◆ **Exercise**:
Nothing but the lines from the first line of the material below through the line that holds "#8=PRODUCT_DEFINITION('design','',#6,#7);" should be set down, exactly and with pictures left out.

◆ **Provided entries**:
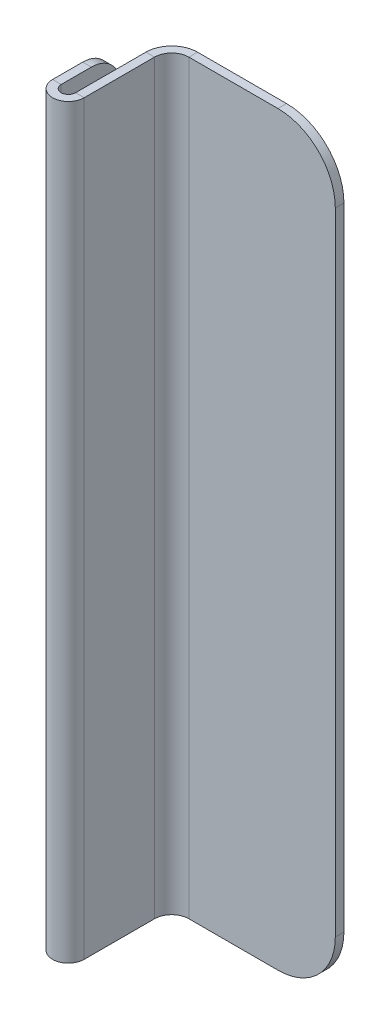
ISO-10303-21;
HEADER;
FILE_DESCRIPTION(('STEP AP214'),'2;1');
FILE_NAME('part.step','',(''),(''),'','','');
FILE_SCHEMA(('AUTOMOTIVE_DESIGN { 1 0 10303 214 1 1 1 1 }'));
ENDSEC;
DATA;
#1=APPLICATION_CONTEXT('core data for automotive mechanical design processes');
#2=APPLICATION_PROTOCOL_DEFINITION('international standard','automotive_design',2000,#1);
#3=PRODUCT_CONTEXT('',#1,'mechanical');
#4=PRODUCT('Part','Part','',(#3));
#5=PRODUCT_RELATED_PRODUCT_CATEGORY('part','',(#4));
#6=PRODUCT_DEFINITION_FORMATION('','',#4);
#7=PRODUCT_DEFINITION_CONTEXT('part definition',#1,'design');
#8=PRODUCT_DEFINITION('design','',#6,#7);
#9=PRODUCT_DEFINITION_SHAPE('','',#8);
#10=(LENGTH_UNIT() NAMED_UNIT(*) SI_UNIT(.MILLI.,.METRE.));
#11=(NAMED_UNIT(*) PLANE_ANGLE_UNIT() SI_UNIT($,.RADIAN.));
#12=(NAMED_UNIT(*) SI_UNIT($,.STERADIAN.) SOLID_ANGLE_UNIT());
#13=UNCERTAINTY_MEASURE_WITH_UNIT(LENGTH_MEASURE(1.E-05),#10,'distance_accuracy_value','');
#14=(GEOMETRIC_REPRESENTATION_CONTEXT(3) GLOBAL_UNCERTAINTY_ASSIGNED_CONTEXT((#13)) GLOBAL_UNIT_ASSIGNED_CONTEXT((#10,
#11,#12)) REPRESENTATION_CONTEXT('',''));
#15=CARTESIAN_POINT('',(0.,0.,0.));
#16=DIRECTION('',(0.,0.,1.));
#17=DIRECTION('',(1.,0.,0.));
#18=AXIS2_PLACEMENT_3D('',#15,#16,#17);
#19=CARTESIAN_POINT('',(-47.7819300058113,-53.0514705882353,-1.5));
#20=DIRECTION('',(0.,-1.,0.));
#21=DIRECTION('',(0.,0.,-1.));
#22=AXIS2_PLACEMENT_3D('',#19,#20,#21);
#23=PLANE('',#22);
#24=DIRECTION('',(1.,0.,0.));
#25=VECTOR('',#24,1.);
#26=CARTESIAN_POINT('',(-47.7819300058113,-53.0514705882353,0.));
#27=LINE('',#26,#25);
#28=CARTESIAN_POINT('',(-43.2819300058113,-53.0514705882353,0.));
#29=VERTEX_POINT('',#28);
#30=CARTESIAN_POINT('',(-27.7819300058113,-53.0514705882353,0.));
#31=VERTEX_POINT('',#30);
#32=EDGE_CURVE('E263',#29,#31,#27,.T.);
#33=ORIENTED_EDGE('',*,*,#32,.F.);
#34=DIRECTION('',(0.,0.,-1.));
#35=VECTOR('',#34,1.);
#36=CARTESIAN_POINT('',(-43.2819300058113,-53.0514705882353,0.));
#37=LINE('',#36,#35);
#38=CARTESIAN_POINT('',(-43.2819300058113,-53.0514705882353,-1.5));
#39=VERTEX_POINT('',#38);
#40=EDGE_CURVE('E247',#29,#39,#37,.T.);
#41=ORIENTED_EDGE('',*,*,#40,.T.);
#42=DIRECTION('',(1.,0.,0.));
#43=VECTOR('',#42,1.);
#44=CARTESIAN_POINT('',(-47.7819300058113,-53.0514705882353,-1.5));
#45=LINE('',#44,#43);
#46=CARTESIAN_POINT('',(-27.7819300058113,-53.0514705882353,-1.5));
#47=VERTEX_POINT('',#46);
#48=EDGE_CURVE('E266',#39,#47,#45,.T.);
#49=ORIENTED_EDGE('',*,*,#48,.T.);
#50=DIRECTION('',(0.,0.,1.));
#51=VECTOR('',#50,1.);
#52=CARTESIAN_POINT('',(-27.7819300058113,-53.0514705882353,-1.5));
#53=LINE('',#52,#51);
#54=EDGE_CURVE('E297',#47,#31,#53,.T.);
#55=ORIENTED_EDGE('',*,*,#54,.T.);
#56=EDGE_LOOP('',(#33,#41,#49,#55));
#57=FACE_BOUND('',#56,.T.);
#58=ADVANCED_FACE('F71',(#57),#23,.T.);
#59=CARTESIAN_POINT('',(0.,0.,-1.5));
#60=DIRECTION('',(0.,0.,1.));
#61=DIRECTION('',(1.,0.,0.));
#62=AXIS2_PLACEMENT_3D('',#59,#60,#61);
#63=PLANE('',#62);
#64=DIRECTION('',(0.,-1.,0.));
#65=VECTOR('',#64,1.);
#66=CARTESIAN_POINT('',(-43.2819300058113,-53.0514705882353,-1.5));
#67=LINE('',#66,#65);
#68=CARTESIAN_POINT('',(-43.2819300058113,76.9485294117647,-1.5));
#69=VERTEX_POINT('',#68);
#70=EDGE_CURVE('E241',#39,#69,#67,.F.);
#71=ORIENTED_EDGE('',*,*,#70,.T.);
#72=DIRECTION('',(-1.,0.,0.));
#73=VECTOR('',#72,1.);
#74=CARTESIAN_POINT('',(-47.7819300058113,76.9485294117647,-1.5));
#75=LINE('',#74,#73);
#76=CARTESIAN_POINT('',(-27.7819300058113,76.9485294117647,-1.5));
#77=VERTEX_POINT('',#76);
#78=EDGE_CURVE('E272',#77,#69,#75,.T.);
#79=ORIENTED_EDGE('',*,*,#78,.F.);
#80=CARTESIAN_POINT('',(-27.7819300058113,66.9485294117647,-1.5));
#81=DIRECTION('',(0.,0.,1.));
#82=DIRECTION('',(1.,0.,0.));
#83=AXIS2_PLACEMENT_3D('',#80,#81,#82);
#84=CIRCLE('',#83,10.);
#85=CARTESIAN_POINT('',(-17.7819300058113,66.9485294117647,-1.5));
#86=VERTEX_POINT('',#85);
#87=EDGE_CURVE('E295',#77,#86,#84,.F.);
#88=ORIENTED_EDGE('',*,*,#87,.T.);
#89=DIRECTION('',(0.,1.,0.));
#90=VECTOR('',#89,1.);
#91=CARTESIAN_POINT('',(-17.7819300058113,76.9485294117647,-1.5));
#92=LINE('',#91,#90);
#93=CARTESIAN_POINT('',(-17.7819300058113,-43.0514705882353,-1.5));
#94=VERTEX_POINT('',#93);
#95=EDGE_CURVE('E268',#94,#86,#92,.T.);
#96=ORIENTED_EDGE('',*,*,#95,.F.);
#97=CARTESIAN_POINT('',(-27.7819300058113,-43.0514705882353,-1.5));
#98=DIRECTION('',(0.,0.,1.));
#99=DIRECTION('',(1.,0.,0.));
#100=AXIS2_PLACEMENT_3D('',#97,#98,#99);
#101=CIRCLE('',#100,10.);
#102=EDGE_CURVE('E292',#94,#47,#101,.F.);
#103=ORIENTED_EDGE('',*,*,#102,.T.);
#104=ORIENTED_EDGE('',*,*,#48,.F.);
#105=EDGE_LOOP('',(#71,#79,#88,#96,#103,#104));
#106=FACE_BOUND('',#105,.T.);
#107=ADVANCED_FACE('F384',(#106),#63,.F.);
#108=CARTESIAN_POINT('',(0.,0.,0.));
#109=DIRECTION('',(0.,0.,1.));
#110=DIRECTION('',(1.,0.,0.));
#111=AXIS2_PLACEMENT_3D('',#108,#109,#110);
#112=PLANE('',#111);
#113=DIRECTION('',(-1.,0.,0.));
#114=VECTOR('',#113,1.);
#115=CARTESIAN_POINT('',(-47.7819300058113,76.9485294117647,0.));
#116=LINE('',#115,#114);
#117=CARTESIAN_POINT('',(-27.7819300058113,76.9485294117647,0.));
#118=VERTEX_POINT('',#117);
#119=CARTESIAN_POINT('',(-43.2819300058113,76.9485294117647,0.));
#120=VERTEX_POINT('',#119);
#121=EDGE_CURVE('E269',#118,#120,#116,.T.);
#122=ORIENTED_EDGE('',*,*,#121,.T.);
#123=DIRECTION('',(0.,-1.,0.));
#124=VECTOR('',#123,1.);
#125=CARTESIAN_POINT('',(-43.2819300058113,-53.0514705882353,0.));
#126=LINE('',#125,#124);
#127=EDGE_CURVE('E253',#29,#120,#126,.F.);
#128=ORIENTED_EDGE('',*,*,#127,.F.);
#129=ORIENTED_EDGE('',*,*,#32,.T.);
#130=CARTESIAN_POINT('',(-27.7819300058113,-43.0514705882353,0.));
#131=DIRECTION('',(0.,0.,1.));
#132=DIRECTION('',(1.,0.,0.));
#133=AXIS2_PLACEMENT_3D('',#130,#131,#132);
#134=CIRCLE('',#133,10.);
#135=CARTESIAN_POINT('',(-17.7819300058113,-43.0514705882353,0.));
#136=VERTEX_POINT('',#135);
#137=EDGE_CURVE('E286',#31,#136,#134,.T.);
#138=ORIENTED_EDGE('',*,*,#137,.T.);
#139=DIRECTION('',(0.,1.,0.));
#140=VECTOR('',#139,1.);
#141=CARTESIAN_POINT('',(-17.7819300058113,76.9485294117647,0.));
#142=LINE('',#141,#140);
#143=CARTESIAN_POINT('',(-17.7819300058113,66.9485294117647,0.));
#144=VERTEX_POINT('',#143);
#145=EDGE_CURVE('E277',#136,#144,#142,.T.);
#146=ORIENTED_EDGE('',*,*,#145,.T.);
#147=CARTESIAN_POINT('',(-27.7819300058113,66.9485294117647,0.));
#148=DIRECTION('',(0.,0.,1.));
#149=DIRECTION('',(1.,0.,0.));
#150=AXIS2_PLACEMENT_3D('',#147,#148,#149);
#151=CIRCLE('',#150,10.);
#152=EDGE_CURVE('E288',#144,#118,#151,.T.);
#153=ORIENTED_EDGE('',*,*,#152,.T.);
#154=EDGE_LOOP('',(#122,#128,#129,#138,#146,#153));
#155=FACE_BOUND('',#154,.T.);
#156=ADVANCED_FACE('F390',(#155),#112,.T.);
#157=CARTESIAN_POINT('',(-47.7819300058113,76.9485294117647,-1.5));
#158=DIRECTION('',(0.,1.,0.));
#159=DIRECTION('',(0.,0.,1.));
#160=AXIS2_PLACEMENT_3D('',#157,#158,#159);
#161=PLANE('',#160);
#162=DIRECTION('',(0.,0.,-1.));
#163=VECTOR('',#162,1.);
#164=CARTESIAN_POINT('',(-43.2819300058113,76.9485294117647,0.));
#165=LINE('',#164,#163);
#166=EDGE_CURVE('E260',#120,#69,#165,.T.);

◆ **Exercise solution**:
ISO-10303-21;
HEADER;
FILE_DESCRIPTION(('STEP AP214'),'2;1');
FILE_NAME('part.step','',(''),(''),'','','');
FILE_SCHEMA(('AUTOMOTIVE_DESIGN { 1 0 10303 214 1 1 1 1 }'));
ENDSEC;
DATA;
#1=APPLICATION_CONTEXT('core data for automotive mechanical design processes');
#2=APPLICATION_PROTOCOL_DEFINITION('international standard','automotive_design',2000,#1);
#3=PRODUCT_CONTEXT('',#1,'mechanical');
#4=PRODUCT('Part','Part','',(#3));
#5=PRODUCT_RELATED_PRODUCT_CATEGORY('part','',(#4));
#6=PRODUCT_DEFINITION_FORMATION('','',#4);
#7=PRODUCT_DEFINITION_CONTEXT('part definition',#1,'design');
#8=PRODUCT_DEFINITION('design','',#6,#7);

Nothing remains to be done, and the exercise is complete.